* [Assignment]
Look through the data below and extract, unchanged, the lines from the one that contains "#326=ADVANCED_FACE('F100',(#288,#291,#325),#285,.F.);" to the one that contains "#352=DIRECTION('',(0.,0.,1.));", both included.

* [Records supplied]
####
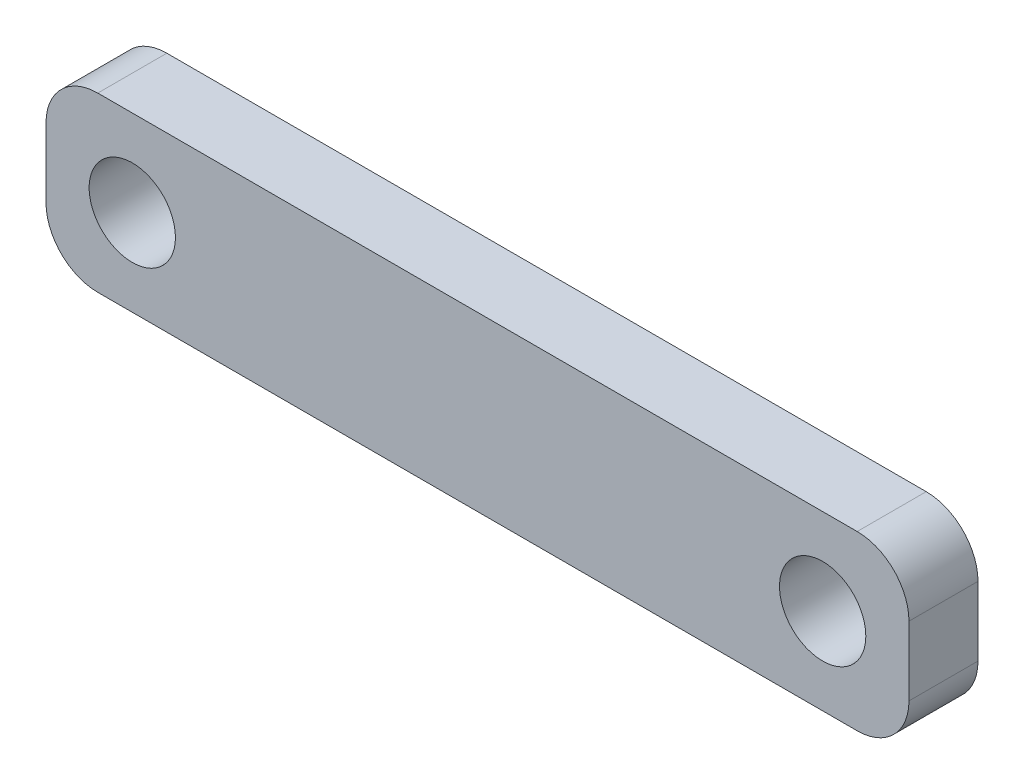
ISO-10303-21;
HEADER;
FILE_DESCRIPTION(('STEP AP214'),'2;1');
FILE_NAME('part.step','',(''),(''),'','','');
FILE_SCHEMA(('AUTOMOTIVE_DESIGN { 1 0 10303 214 1 1 1 1 }'));
ENDSEC;
DATA;
#1=APPLICATION_CONTEXT('core data for automotive mechanical design processes');
#2=APPLICATION_PROTOCOL_DEFINITION('international standard','automotive_design',2000,#1);
#3=PRODUCT_CONTEXT('',#1,'mechanical');
#4=PRODUCT('Part','Part','',(#3));
#5=PRODUCT_RELATED_PRODUCT_CATEGORY('part','',(#4));
#6=PRODUCT_DEFINITION_FORMATION('','',#4);
#7=PRODUCT_DEFINITION_CONTEXT('part definition',#1,'design');
#8=PRODUCT_DEFINITION('design','',#6,#7);
#9=PRODUCT_DEFINITION_SHAPE('','',#8);
#10=(LENGTH_UNIT() NAMED_UNIT(*) SI_UNIT(.MILLI.,.METRE.));
#11=(NAMED_UNIT(*) PLANE_ANGLE_UNIT() SI_UNIT($,.RADIAN.));
#12=(NAMED_UNIT(*) SI_UNIT($,.STERADIAN.) SOLID_ANGLE_UNIT());
#13=UNCERTAINTY_MEASURE_WITH_UNIT(LENGTH_MEASURE(1.E-05),#10,'distance_accuracy_value','');
#14=(GEOMETRIC_REPRESENTATION_CONTEXT(3) GLOBAL_UNCERTAINTY_ASSIGNED_CONTEXT((#13)) GLOBAL_UNIT_ASSIGNED_CONTEXT((#10,
#11,#12)) REPRESENTATION_CONTEXT('',''));
#15=CARTESIAN_POINT('',(0.,0.,0.));
#16=DIRECTION('',(0.,0.,1.));
#17=DIRECTION('',(1.,0.,0.));
#18=AXIS2_PLACEMENT_3D('',#15,#16,#17);
#19=CARTESIAN_POINT('',(0.,0.,4.));
#20=DIRECTION('',(0.,-1.,0.));
#21=DIRECTION('',(1.,0.,0.));
#22=AXIS2_PLACEMENT_3D('',#19,#20,#21);
#23=PLANE('',#22);
#24=DIRECTION('',(-1.,0.,0.));
#25=VECTOR('',#24,1.);
#26=CARTESIAN_POINT('',(0.,0.,4.));
#27=LINE('',#26,#25);
#28=CARTESIAN_POINT('',(-3.,0.,4.));
#29=VERTEX_POINT('',#28);
#30=CARTESIAN_POINT('',(-47.,0.,4.));
#31=VERTEX_POINT('',#30);
#32=EDGE_CURVE('E170',#29,#31,#27,.T.);
#33=ORIENTED_EDGE('',*,*,#32,.F.);
#34=DIRECTION('',(0.,0.,-1.));
#35=VECTOR('',#34,1.);
#36=CARTESIAN_POINT('',(-3.,0.,0.));
#37=LINE('',#36,#35);
#38=CARTESIAN_POINT('',(-3.,0.,0.));
#39=VERTEX_POINT('',#38);
#40=EDGE_CURVE('E149',#29,#39,#37,.T.);
#41=ORIENTED_EDGE('',*,*,#40,.T.);
#42=DIRECTION('',(-1.,0.,0.));
#43=VECTOR('',#42,1.);
#44=CARTESIAN_POINT('',(0.,0.,0.));
#45=LINE('',#44,#43);
#46=CARTESIAN_POINT('',(-47.,0.,0.));
#47=VERTEX_POINT('',#46);
#48=EDGE_CURVE('E103',#39,#47,#45,.T.);
#49=ORIENTED_EDGE('',*,*,#48,.T.);
#50=DIRECTION('',(0.,0.,-1.));
#51=VECTOR('',#50,1.);
#52=CARTESIAN_POINT('',(-47.,0.,4.));
#53=LINE('',#52,#51);
#54=EDGE_CURVE('E147',#47,#31,#53,.F.);
#55=ORIENTED_EDGE('',*,*,#54,.T.);
#56=EDGE_LOOP('',(#33,#41,#49,#55));
#57=FACE_BOUND('',#56,.T.);
#58=ADVANCED_FACE('F33',(#57),#23,.F.);
#59=CARTESIAN_POINT('',(-50.,0.,4.));
#60=DIRECTION('',(1.,0.,0.));
#61=DIRECTION('',(0.,0.,-1.));
#62=AXIS2_PLACEMENT_3D('',#59,#60,#61);
#63=PLANE('',#62);
#64=DIRECTION('',(0.,-1.,0.));
#65=VECTOR('',#64,1.);
#66=CARTESIAN_POINT('',(-50.,0.,0.));
#67=LINE('',#66,#65);
#68=CARTESIAN_POINT('',(-50.,-3.00000000000001,0.));
#69=VERTEX_POINT('',#68);
#70=CARTESIAN_POINT('',(-50.,-7.00000000000001,0.));
#71=VERTEX_POINT('',#70);
#72=EDGE_CURVE('E154',#69,#71,#67,.T.);
#73=ORIENTED_EDGE('',*,*,#72,.T.);
#74=DIRECTION('',(0.,0.,-1.));
#75=VECTOR('',#74,1.);
#76=CARTESIAN_POINT('',(-50.,-7.00000000000001,4.));
#77=LINE('',#76,#75);
#78=CARTESIAN_POINT('',(-50.,-7.00000000000001,4.));
#79=VERTEX_POINT('',#78);
#80=EDGE_CURVE('E11',#71,#79,#77,.F.);
#81=ORIENTED_EDGE('',*,*,#80,.T.);
#82=DIRECTION('',(0.,-1.,0.));
#83=VECTOR('',#82,1.);
#84=CARTESIAN_POINT('',(-50.,0.,4.));
#85=LINE('',#84,#83);
#86=CARTESIAN_POINT('',(-50.,-3.00000000000001,4.));
#87=VERTEX_POINT('',#86);
#88=EDGE_CURVE('E155',#87,#79,#85,.T.);
#89=ORIENTED_EDGE('',*,*,#88,.F.);
#90=DIRECTION('',(0.,0.,-1.));
#91=VECTOR('',#90,1.);
#92=CARTESIAN_POINT('',(-50.,-3.00000000000001,4.));
#93=LINE('',#92,#91);
#94=EDGE_CURVE('E41',#87,#69,#93,.T.);
#95=ORIENTED_EDGE('',*,*,#94,.T.);
#96=EDGE_LOOP('',(#73,#81,#89,#95));
#97=FACE_BOUND('',#96,.T.);
#98=ADVANCED_FACE('F153',(#97),#63,.F.);
#99=CARTESIAN_POINT('',(0.,-10.,4.));
#100=DIRECTION('',(0.,-1.,0.));
#101=DIRECTION('',(1.,0.,0.));
#102=AXIS2_PLACEMENT_3D('',#99,#100,#101);
#103=PLANE('',#102);
#104=DIRECTION('',(-1.,0.,0.));
#105=VECTOR('',#104,1.);
#106=CARTESIAN_POINT('',(0.,-10.,0.));
#107=LINE('',#106,#105);
#108=CARTESIAN_POINT('',(-3.,-10.,0.));
#109=VERTEX_POINT('',#108);
#110=CARTESIAN_POINT('',(-47.,-10.,0.));
#111=VERTEX_POINT('',#110);
#112=EDGE_CURVE('E120',#109,#111,#107,.T.);
#113=ORIENTED_EDGE('',*,*,#112,.F.);
#114=DIRECTION('',(0.,0.,-1.));
#115=VECTOR('',#114,1.);
#116=CARTESIAN_POINT('',(-3.,-10.,4.));
#117=LINE('',#116,#115);
#118=CARTESIAN_POINT('',(-3.,-10.,4.));
#119=VERTEX_POINT('',#118);
#120=EDGE_CURVE('E139',#109,#119,#117,.F.);
#121=ORIENTED_EDGE('',*,*,#120,.T.);
#122=DIRECTION('',(-1.,0.,0.));
#123=VECTOR('',#122,1.);
#124=CARTESIAN_POINT('',(0.,-10.,4.));
#125=LINE('',#124,#123);
#126=CARTESIAN_POINT('',(-47.,-10.,4.));
#127=VERTEX_POINT('',#126);
#128=EDGE_CURVE('E129',#119,#127,#125,.T.);
#129=ORIENTED_EDGE('',*,*,#128,.T.);
#130=DIRECTION('',(0.,0.,-1.));
#131=VECTOR('',#130,1.);
#132=CARTESIAN_POINT('',(-47.,-10.,0.));
#133=LINE('',#132,#131);
#134=EDGE_CURVE('E136',#127,#111,#133,.T.);
#135=ORIENTED_EDGE('',*,*,#134,.T.);
#136=EDGE_LOOP('',(#113,#121,#129,#135));
#137=FACE_BOUND('',#136,.T.);
#138=ADVANCED_FACE('F195',(#137),#103,.T.);
#139=CARTESIAN_POINT('',(-5.,-5.,4.));
#140=DIRECTION('',(0.,0.,-1.));
#141=DIRECTION('',(-1.,0.,0.));
#142=AXIS2_PLACEMENT_3D('',#139,#140,#141);
#143=CYLINDRICAL_SURFACE('',#142,2.5);
#144=CARTESIAN_POINT('',(-5.,-5.,4.));
#145=DIRECTION('',(0.,0.,1.));
#146=DIRECTION('',(1.,0.,0.));
#147=AXIS2_PLACEMENT_3D('',#144,#145,#146);
#148=CIRCLE('',#147,2.5);
#149=CARTESIAN_POINT('',(-2.5,-5.,4.));
#150=VERTEX_POINT('',#149);
#151=EDGE_CURVE('E172',#150,#150,#148,.T.);
#152=ORIENTED_EDGE('',*,*,#151,.T.);
#153=EDGE_LOOP('',(#152));
#154=FACE_BOUND('',#153,.T.);
#155=CARTESIAN_POINT('',(-5.,-5.,0.));
#156=DIRECTION('',(0.,0.,1.));
#157=DIRECTION('',(1.,0.,0.));
#158=AXIS2_PLACEMENT_3D('',#155,#156,#157);
#159=CIRCLE('',#158,2.5);
#160=CARTESIAN_POINT('',(-2.5,-5.,0.));
#161=VERTEX_POINT('',#160);
#162=EDGE_CURVE('E159',#161,#161,#159,.T.);
#163=ORIENTED_EDGE('',*,*,#162,.F.);
#164=EDGE_LOOP('',(#163));
#165=FACE_BOUND('',#164,.T.);
#166=ADVANCED_FACE('F214',(#154,#165),#143,.F.);
#167=CARTESIAN_POINT('',(-45.,-5.,4.));
#168=DIRECTION('',(0.,0.,-1.));
#169=DIRECTION('',(-1.,0.,0.));
#170=AXIS2_PLACEMENT_3D('',#167,#168,#169);
#171=CYLINDRICAL_SURFACE('',#170,2.5);
#172=CARTESIAN_POINT('',(-45.,-5.,4.));
#173=DIRECTION('',(0.,0.,1.));
#174=DIRECTION('',(1.,0.,0.));
#175=AXIS2_PLACEMENT_3D('',#172,#173,#174);
#176=CIRCLE('',#175,2.5);
#177=CARTESIAN_POINT('',(-42.5,-5.,4.));
#178=VERTEX_POINT('',#177);
#179=EDGE_CURVE('E119',#178,#178,#176,.T.);
#180=ORIENTED_EDGE('',*,*,#179,.T.);
#181=EDGE_LOOP('',(#180));
#182=FACE_BOUND('',#181,.T.);
#183=CARTESIAN_POINT('',(-45.,-5.,0.));
#184=DIRECTION('',(0.,0.,1.));
#185=DIRECTION('',(1.,0.,0.));
#186=AXIS2_PLACEMENT_3D('',#183,#184,#185);
#187=CIRCLE('',#186,2.5);
#188=CARTESIAN_POINT('',(-42.5,-5.,0.));
#189=VERTEX_POINT('',#188);
#190=EDGE_CURVE('E164',#189,#189,#187,.T.);
#191=ORIENTED_EDGE('',*,*,#190,.F.);
#192=EDGE_LOOP('',(#191));
#193=FACE_BOUND('',#192,.T.);
#194=ADVANCED_FACE('F178',(#182,#193),#171,.F.);
#195=CARTESIAN_POINT('',(0.,0.,4.));
#196=DIRECTION('',(1.,0.,0.));
#197=DIRECTION('',(0.,1.,0.));
#198=AXIS2_PLACEMENT_3D('',#195,#196,#197);
#199=PLANE('',#198);
#200=DIRECTION('',(0.,-1.,0.));
#201=VECTOR('',#200,1.);
#202=CARTESIAN_POINT('',(0.,0.,4.));
#203=LINE('',#202,#201);
#204=CARTESIAN_POINT('',(0.,-3.,4.));
#205=VERTEX_POINT('',#204);
#206=CARTESIAN_POINT('',(0.,-7.,4.));
#207=VERTEX_POINT('',#206);
#208=EDGE_CURVE('E125',#205,#207,#203,.T.);
#209=ORIENTED_EDGE('',*,*,#208,.T.);
#210=DIRECTION('',(0.,0.,-1.));
#211=VECTOR('',#210,1.);
#212=CARTESIAN_POINT('',(0.,-7.,4.));
#213=LINE('',#212,#211);
#214=CARTESIAN_POINT('',(0.,-7.,0.));
#215=VERTEX_POINT('',#214);
#216=EDGE_CURVE('E118',#207,#215,#213,.T.);
#217=ORIENTED_EDGE('',*,*,#216,.T.);
#218=DIRECTION('',(0.,-1.,0.));
#219=VECTOR('',#218,1.);
#220=CARTESIAN_POINT('',(0.,0.,0.));
#221=LINE('',#220,#219);
#222=CARTESIAN_POINT('',(0.,-3.,0.));
#223=VERTEX_POINT('',#222);
#224=EDGE_CURVE('E101',#223,#215,#221,.T.);
#225=ORIENTED_EDGE('',*,*,#224,.F.);
#226=DIRECTION('',(0.,0.,-1.));
#227=VECTOR('',#226,1.);
#228=CARTESIAN_POINT('',(0.,-3.,4.));
#229=LINE('',#228,#227);
#230=EDGE_CURVE('E115',#223,#205,#229,.F.);
#231=ORIENTED_EDGE('',*,*,#230,.T.);
#232=EDGE_LOOP('',(#209,#217,#225,#231));
#233=FACE_BOUND('',#232,.T.);
#234=ADVANCED_FACE('F114',(#233),#199,.T.);
#235=CARTESIAN_POINT('',(0.,0.,4.));
#236=DIRECTION('',(0.,0.,1.));
#237=DIRECTION('',(1.,0.,0.));
#238=AXIS2_PLACEMENT_3D('',#235,#236,#237);
#239=PLANE('',#238);
#240=ORIENTED_EDGE('',*,*,#179,.F.);
#241=EDGE_LOOP('',(#240));
#242=FACE_BOUND('',#241,.T.);
#243=ORIENTED_EDGE('',*,*,#151,.F.);
#244=EDGE_LOOP('',(#243));
#245=FACE_BOUND('',#244,.T.);
#246=ORIENTED_EDGE('',*,*,#128,.F.);
#247=CARTESIAN_POINT('',(-3.,-7.,4.));
#248=DIRECTION('',(0.,0.,1.));
#249=DIRECTION('',(1.,0.,0.));
#250=AXIS2_PLACEMENT_3D('',#247,#248,#249);
#251=CIRCLE('',#250,3.);
#252=EDGE_CURVE('E145',#119,#207,#251,.T.);
#253=ORIENTED_EDGE('',*,*,#252,.T.);
#254=ORIENTED_EDGE('',*,*,#208,.F.);
#255=CARTESIAN_POINT('',(-3.,-3.,4.));
#256=DIRECTION('',(0.,0.,1.));
#257=DIRECTION('',(1.,0.,0.));
#258=AXIS2_PLACEMENT_3D('',#255,#256,#257);
#259=CIRCLE('',#258,3.);
#260=EDGE_CURVE('E124',#205,#29,#259,.T.);
#261=ORIENTED_EDGE('',*,*,#260,.T.);
#262=ORIENTED_EDGE('',*,*,#32,.T.);
#263=CARTESIAN_POINT('',(-47.,-3.00000000000001,4.));
#264=DIRECTION('',(0.,0.,1.));
#265=DIRECTION('',(1.,0.,0.));
#266=AXIS2_PLACEMENT_3D('',#263,#264,#265);
#267=CIRCLE('',#266,3.);
#268=EDGE_CURVE('E53',#31,#87,#267,.T.);
#269=ORIENTED_EDGE('',*,*,#268,.T.);
#270=ORIENTED_EDGE('',*,*,#88,.T.);
#271=CARTESIAN_POINT('',(-47.,-7.00000000000001,4.));
#272=DIRECTION('',(0.,0.,1.));
#273=DIRECTION('',(1.,0.,0.));
#274=AXIS2_PLACEMENT_3D('',#271,#272,#273);
#275=CIRCLE('',#274,3.);
#276=EDGE_CURVE('E142',#79,#127,#275,.T.);
#277=ORIENTED_EDGE('',*,*,#276,.T.);
#278=EDGE_LOOP('',(#246,#253,#254,#261,#262,#269,#270,#277));
#279=FACE_BOUND('',#278,.T.);
#280=ADVANCED_FACE('F181',(#242,#245,#279),#239,.T.);
#281=CARTESIAN_POINT('',(0.,0.,0.));
#282=DIRECTION('',(0.,0.,1.));
#283=DIRECTION('',(1.,0.,0.));
#284=AXIS2_PLACEMENT_3D('',#281,#282,#283);
#285=PLANE('',#284);
#286=ORIENTED_EDGE('',*,*,#190,.T.);
#287=EDGE_LOOP('',(#286));
#288=FACE_BOUND('',#287,.T.);
#289=ORIENTED_EDGE('',*,*,#162,.T.);
#290=EDGE_LOOP('',(#289));
#291=FACE_BOUND('',#290,.T.);
#292=ORIENTED_EDGE('',*,*,#224,.T.);
#293=CARTESIAN_POINT('',(-3.,-7.,0.));
#294=DIRECTION('',(0.,0.,1.));
#295=DIRECTION('',(1.,0.,0.));
#296=AXIS2_PLACEMENT_3D('',#293,#294,#295);
#297=CIRCLE('',#296,3.);
#298=EDGE_CURVE('E108',#215,#109,#297,.F.);
#299=ORIENTED_EDGE('',*,*,#298,.T.);
#300=ORIENTED_EDGE('',*,*,#112,.T.);
#301=CARTESIAN_POINT('',(-47.,-7.00000000000001,0.));
#302=DIRECTION('',(0.,0.,1.));
#303=DIRECTION('',(1.,0.,0.));
#304=AXIS2_PLACEMENT_3D('',#301,#302,#303);
#305=CIRCLE('',#304,3.);
#306=EDGE_CURVE('E109',#111,#71,#305,.F.);
#307=ORIENTED_EDGE('',*,*,#306,.T.);
#308=ORIENTED_EDGE('',*,*,#72,.F.);
#309=CARTESIAN_POINT('',(-47.,-3.00000000000001,0.));
#310=DIRECTION('',(0.,0.,1.));
#311=DIRECTION('',(1.,0.,0.));
#312=AXIS2_PLACEMENT_3D('',#309,#310,#311);
#313=CIRCLE('',#312,3.);
#314=EDGE_CURVE('E127',#69,#47,#313,.F.);
#315=ORIENTED_EDGE('',*,*,#314,.T.);
#316=ORIENTED_EDGE('',*,*,#48,.F.);
#317=CARTESIAN_POINT('',(-3.,-3.,0.));
#318=DIRECTION('',(0.,0.,1.));
#319=DIRECTION('',(1.,0.,0.));
#320=AXIS2_PLACEMENT_3D('',#317,#318,#319);
#321=CIRCLE('',#320,3.);
#322=EDGE_CURVE('E98',#39,#223,#321,.F.);
#323=ORIENTED_EDGE('',*,*,#322,.T.);
#324=EDGE_LOOP('',(#292,#299,#300,#307,#308,#315,#316,#323));
#325=FACE_BOUND('',#324,.T.);
#326=ADVANCED_FACE('F100',(#288,#291,#325),#285,.F.);
#327=CARTESIAN_POINT('',(-3.,-7.,4.));
#328=DIRECTION('',(0.,0.,-1.));
#329=DIRECTION('',(-1.,0.,0.));
#330=AXIS2_PLACEMENT_3D('',#327,#328,#329);
#331=CYLINDRICAL_SURFACE('',#330,3.);
#332=ORIENTED_EDGE('',*,*,#252,.F.);
#333=ORIENTED_EDGE('',*,*,#120,.F.);
#334=ORIENTED_EDGE('',*,*,#298,.F.);
#335=ORIENTED_EDGE('',*,*,#216,.F.);
#336=EDGE_LOOP('',(#332,#333,#334,#335));
#337=FACE_BOUND('',#336,.T.);
#338=ADVANCED_FACE('F193',(#337),#331,.T.);
#339=CARTESIAN_POINT('',(-3.,-3.,4.));
#340=DIRECTION('',(0.,0.,1.));
#341=DIRECTION('',(1.,0.,0.));
#342=AXIS2_PLACEMENT_3D('',#339,#340,#341);
#343=CYLINDRICAL_SURFACE('',#342,3.);
#344=ORIENTED_EDGE('',*,*,#260,.F.);
#345=ORIENTED_EDGE('',*,*,#230,.F.);
#346=ORIENTED_EDGE('',*,*,#322,.F.);
#347=ORIENTED_EDGE('',*,*,#40,.F.);
#348=EDGE_LOOP('',(#344,#345,#346,#347));
#349=FACE_BOUND('',#348,.T.);
#350=ADVANCED_FACE('F123',(#349),#343,.T.);
#351=CARTESIAN_POINT('',(-47.,-7.00000000000001,4.));
#352=DIRECTION('',(0.,0.,1.));
#353=DIRECTION('',(1.,0.,0.));
#354=AXIS2_PLACEMENT_3D('',#351,#352,#353);
#355=CYLINDRICAL_SURFACE('',#354,3.);
#356=ORIENTED_EDGE('',*,*,#276,.F.);
#357=ORIENTED_EDGE('',*,*,#80,.F.);
#358=ORIENTED_EDGE('',*,*,#306,.F.);
#359=ORIENTED_EDGE('',*,*,#134,.F.);
#360=EDGE_LOOP('',(#356,#357,#358,#359));
#361=FACE_BOUND('',#360,.T.);
#362=ADVANCED_FACE('F197',(#361),#355,.T.);
#363=CARTESIAN_POINT('',(-47.,-3.00000000000001,4.));
#364=DIRECTION('',(0.,0.,-1.));
#365=DIRECTION('',(-1.,0.,0.));
#366=AXIS2_PLACEMENT_3D('',#363,#364,#365);
#367=CYLINDRICAL_SURFACE('',#366,3.);
#368=ORIENTED_EDGE('',*,*,#268,.F.);
#369=ORIENTED_EDGE('',*,*,#54,.F.);
#370=ORIENTED_EDGE('',*,*,#314,.F.);
#371=ORIENTED_EDGE('',*,*,#94,.F.);
#372=EDGE_LOOP('',(#368,#369,#370,#371));
#373=FACE_BOUND('',#372,.T.);
#374=ADVANCED_FACE('F35',(#373),#367,.T.);
#375=CLOSED_SHELL('',(#58,#98,#138,#166,#194,#234,#280,#326,#338,#350,#362,#374));
#376=MANIFOLD_SOLID_BREP('B2',#375);
#377=ADVANCED_BREP_SHAPE_REPRESENTATION('',(#18,#376),#14);
#378=SHAPE_DEFINITION_REPRESENTATION(#9,#377);
ENDSEC;
END-ISO-10303-21;
####
* [Task output]
#326=ADVANCED_FACE('F100',(#288,#291,#325),#285,.F.);
#327=CARTESIAN_POINT('',(-3.,-7.,4.));
#328=DIRECTION('',(0.,0.,-1.));
#329=DIRECTION('',(-1.,0.,0.));
#330=AXIS2_PLACEMENT_3D('',#327,#328,#329);
#331=CYLINDRICAL_SURFACE('',#330,3.);
#332=ORIENTED_EDGE('',*,*,#252,.F.);
#333=ORIENTED_EDGE('',*,*,#120,.F.);
#334=ORIENTED_EDGE('',*,*,#298,.F.);
#335=ORIENTED_EDGE('',*,*,#216,.F.);
#336=EDGE_LOOP('',(#332,#333,#334,#335));
#337=FACE_BOUND('',#336,.T.);
#338=ADVANCED_FACE('F193',(#337),#331,.T.);
#339=CARTESIAN_POINT('',(-3.,-3.,4.));
#340=DIRECTION('',(0.,0.,1.));
#341=DIRECTION('',(1.,0.,0.));
#342=AXIS2_PLACEMENT_3D('',#339,#340,#341);
#343=CYLINDRICAL_SURFACE('',#342,3.);
#344=ORIENTED_EDGE('',*,*,#260,.F.);
#345=ORIENTED_EDGE('',*,*,#230,.F.);
#346=ORIENTED_EDGE('',*,*,#322,.F.);
#347=ORIENTED_EDGE('',*,*,#40,.F.);
#348=EDGE_LOOP('',(#344,#345,#346,#347));
#349=FACE_BOUND('',#348,.T.);
#350=ADVANCED_FACE('F123',(#349),#343,.T.);
#351=CARTESIAN_POINT('',(-47.,-7.00000000000001,4.));
#352=DIRECTION('',(0.,0.,1.));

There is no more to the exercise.